Data records

________________________________________

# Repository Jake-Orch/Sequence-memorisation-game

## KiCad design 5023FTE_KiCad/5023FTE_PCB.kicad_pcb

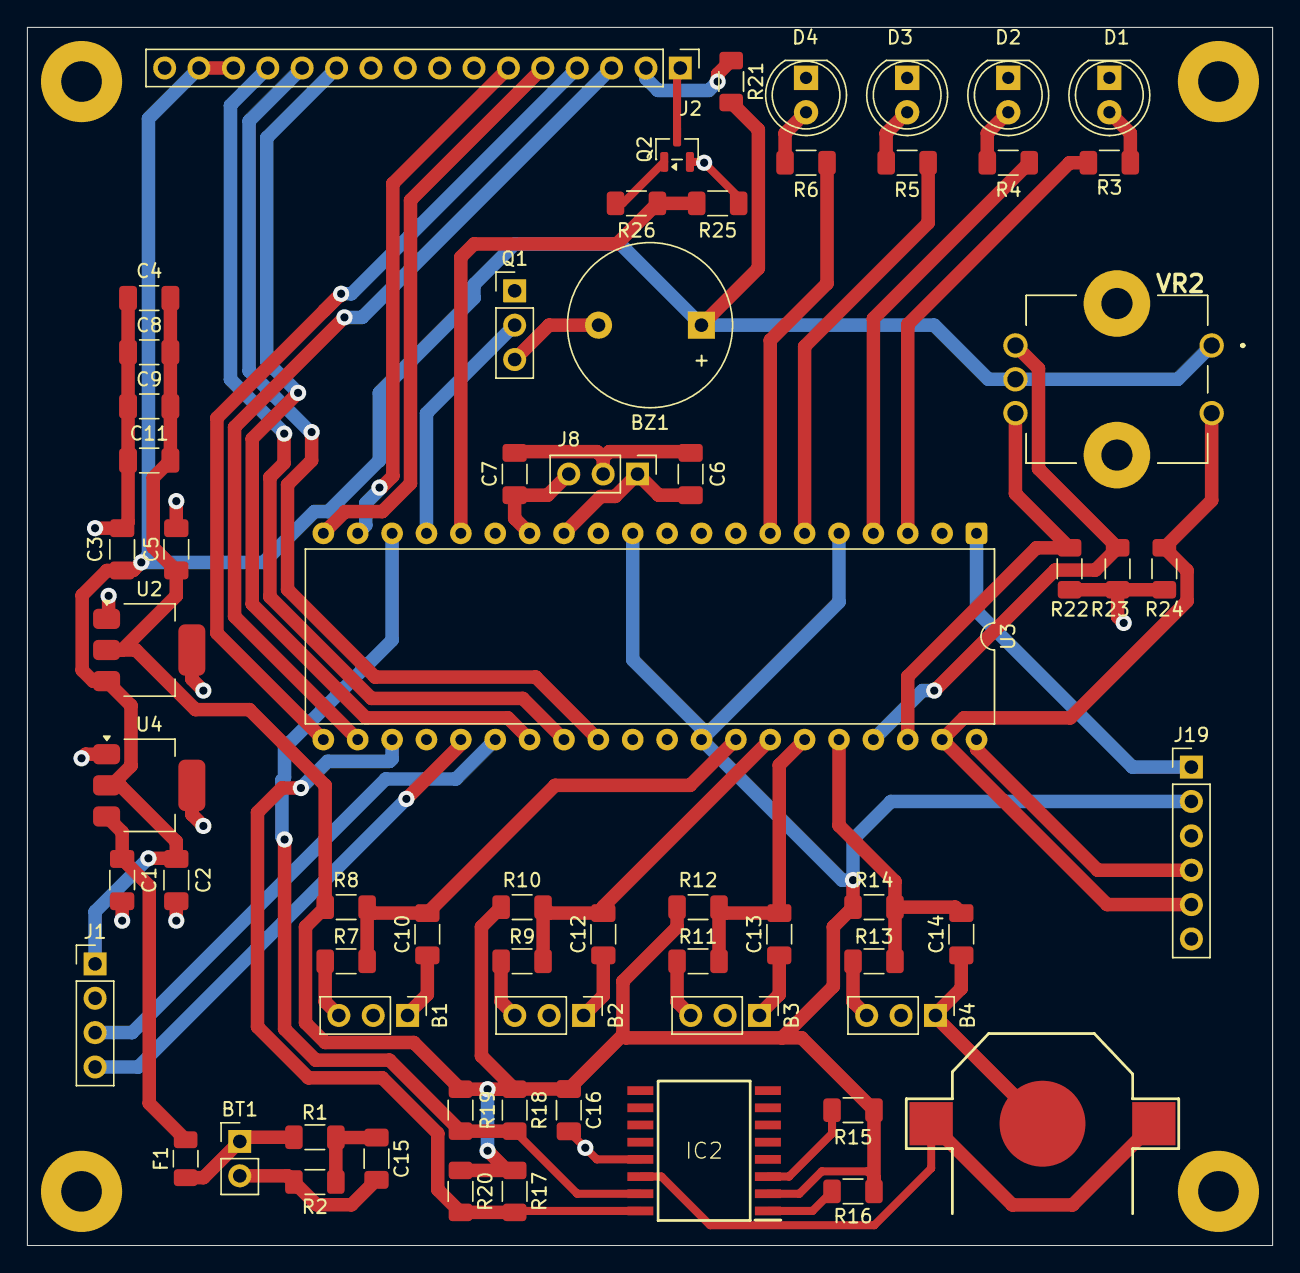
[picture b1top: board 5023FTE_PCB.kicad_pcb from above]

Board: 2 copper layers, 92.0 x 90.0 mm, 65 parts (0 on the bottom side), 49 nets.

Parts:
B1, B2, B3, B4: Conn_01x03_Socket; PinHeader_1x03_P2.54mm_Vertical
BT1: Battery; PinHeader_1x02_P2.54mm_Vertical
BT2: Coin Battery Cell; CR1220
BZ1: Buzzer; Buzzer_12x9.5RM7.6
C1: 0.33uF; C_1206_3216Metric_Pad1.33x1.80mm_HandSolder
C2, C4, C8, C9, C11, C15, C16: 0.1uF; C_1206_3216Metric_Pad1.33x1.80mm_HandSolder
C3, C5: 10uF; C_1206_3216Metric_Pad1.33x1.80mm_HandSolder
C6, C7: 18pF; C_1206_3216Metric_Pad1.33x1.80mm_HandSolder
C10, C12, C13: 1nF; C_1206_3216Metric_Pad1.33x1.80mm_HandSolder
C14: C; C_1206_3216Metric_Pad1.33x1.80mm_HandSolder
D1, D2, D3, D4: LED; LED_D5.0mm
F1: 1A; Fuse_1206_3216Metric
IC2: SOIC127P1032X265-16N
J1: BT Header; PinHeader_1x04_P2.54mm_Vertical
J2: Conn_01x16_Pin; PinHeader_1x16_P2.54mm_Vertical
J8: MA03-1; PinHeader_1x03_P2.54mm_Vertical
J19: MA06-1; PinHeader_1x06_P2.54mm_Vertical
Q1: 2N3904; PinHeader_1x03_P2.54mm_Vertical
Q2: BSS138; SOT-23
R1, R2, R3, R4, R5, R6: R; R_1206_3216Metric_Pad1.30x1.75mm_HandSolder
R7, R9, R11, R13, R26: 1k; R_1206_3216Metric_Pad1.30x1.75mm_HandSolder
R8, R10, R12, R14, R15, R16, R17, R18, R25: 10k; R_1206_3216Metric_Pad1.30x1.75mm_HandSolder
R19, R20: 2k2; R_1206_3216Metric_Pad1.30x1.75mm_HandSolder
R21: 100; R_1206_3216Metric_Pad1.30x1.75mm_HandSolder
R22, R23, R24: 5k6; R_1206_3216Metric_Pad1.30x1.75mm_HandSolder
U2: LM1117T-3.3; SOT-223
U3: PIC18F4520-xP; DIP-40_W15.24mm
U4: LM1117DT-5.0; SOT-223
VR2: PEC12R4230FS0024

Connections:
3V3: C4.1, C5.1, C8.1, C9.1, C11.1, C16.1, IC2.2 (VCC), J19.2, R8.2, R10.2, R12.2, R14.2, R15.2, R16.1, R17.1, R18.1, R19.1, R20.1, U2.2 (VO), U3.5 (RA3), U3.11 (VDD), U3.32 (VDD)
5V: BZ1.1 (+), C2.1, C3.1, J1.1, J2.14, J2.15, R21.2, U2.3 (VI), U4.2 (VO), VR2.C1 (CW), VR2.D1 (NO_1)
/32KHZ: IC2.1 (32KHZ), R16.2
/SQW/INT: IC2.3 (~INT/SQW), R15.1
GND: B1.1, B2.1, B3.1, B4.1, BT1.2 (-), BT2.GND, C1.2, C2.2, C3.2, C4.2, C5.2, C6.2, C7.2, C8.2, C9.2, C10.1, C11.2, C12.1, C13.1, C14.1, C15.2, C16.2, D1.1 (K), D2.1 (K), D3.1 (K), D4.1 (K), IC2.13 (GND), J1.2, J2.16, J8.2, J19.3, Q1.1 (E), Q2.2 (S), R2.2, R22.2, R23.1, R24.2, R25.2, U2.1 (GND), U2.4, U3.12 (VSS), U3.31 (VSS), U4.1 (GND), U4.4
MCLR: J19.1, U3.1 (RE3/~MCLR)
unnamed: B1.3, R7.1
unnamed: B2.3, R9.1
unnamed: B3.3, R11.1
unnamed: B4.3, R13.1
unnamed: BT1.1 (+), F1.1, R1.1
unnamed: BZ1.2 (-), Q1.3 (C)
unnamed: C15.1, R1.2, R2.1
unnamed: D1.2 (A), R3.1
unnamed: D2.2 (A), R4.1
unnamed: D3.2 (A), R5.1
unnamed: D4.2 (A), R6.1
unnamed: J2.1, Q2.3 (D)
unnamed: J2.2, R21.1
unnamed: Q2.1 (G), R26.1
unnamed: C1.1, F1.2, U4.3 (VI)
OSC1: C6.1, J8.1, U3.13 (RA7)
OSC2: C7.1, J8.3, U3.14 (RA6)
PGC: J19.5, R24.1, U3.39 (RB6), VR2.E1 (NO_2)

________________________________________

Work task
Starting from the line with "unnamed: B3.3, R11.1", write out every remaining line of the data above exactly, the final line included, and nothing before it.

The completed task
unnamed: B3.3, R11.1
unnamed: B4.3, R13.1
unnamed: BT1.1 (+), F1.1, R1.1
unnamed: BZ1.2 (-), Q1.3 (C)
unnamed: C15.1, R1.2, R2.1
unnamed: D1.2 (A), R3.1
unnamed: D2.2 (A), R4.1
unnamed: D3.2 (A), R5.1
unnamed: D4.2 (A), R6.1
unnamed: J2.1, Q2.3 (D)
unnamed: J2.2, R21.1
unnamed: Q2.1 (G), R26.1
unnamed: C1.1, F1.2, U4.3 (VI)
OSC1: C6.1, J8.1, U3.13 (RA7)
OSC2: C7.1, J8.3, U3.14 (RA6)
PGC: J19.5, R24.1, U3.39 (RB6), VR2.E1 (NO_2)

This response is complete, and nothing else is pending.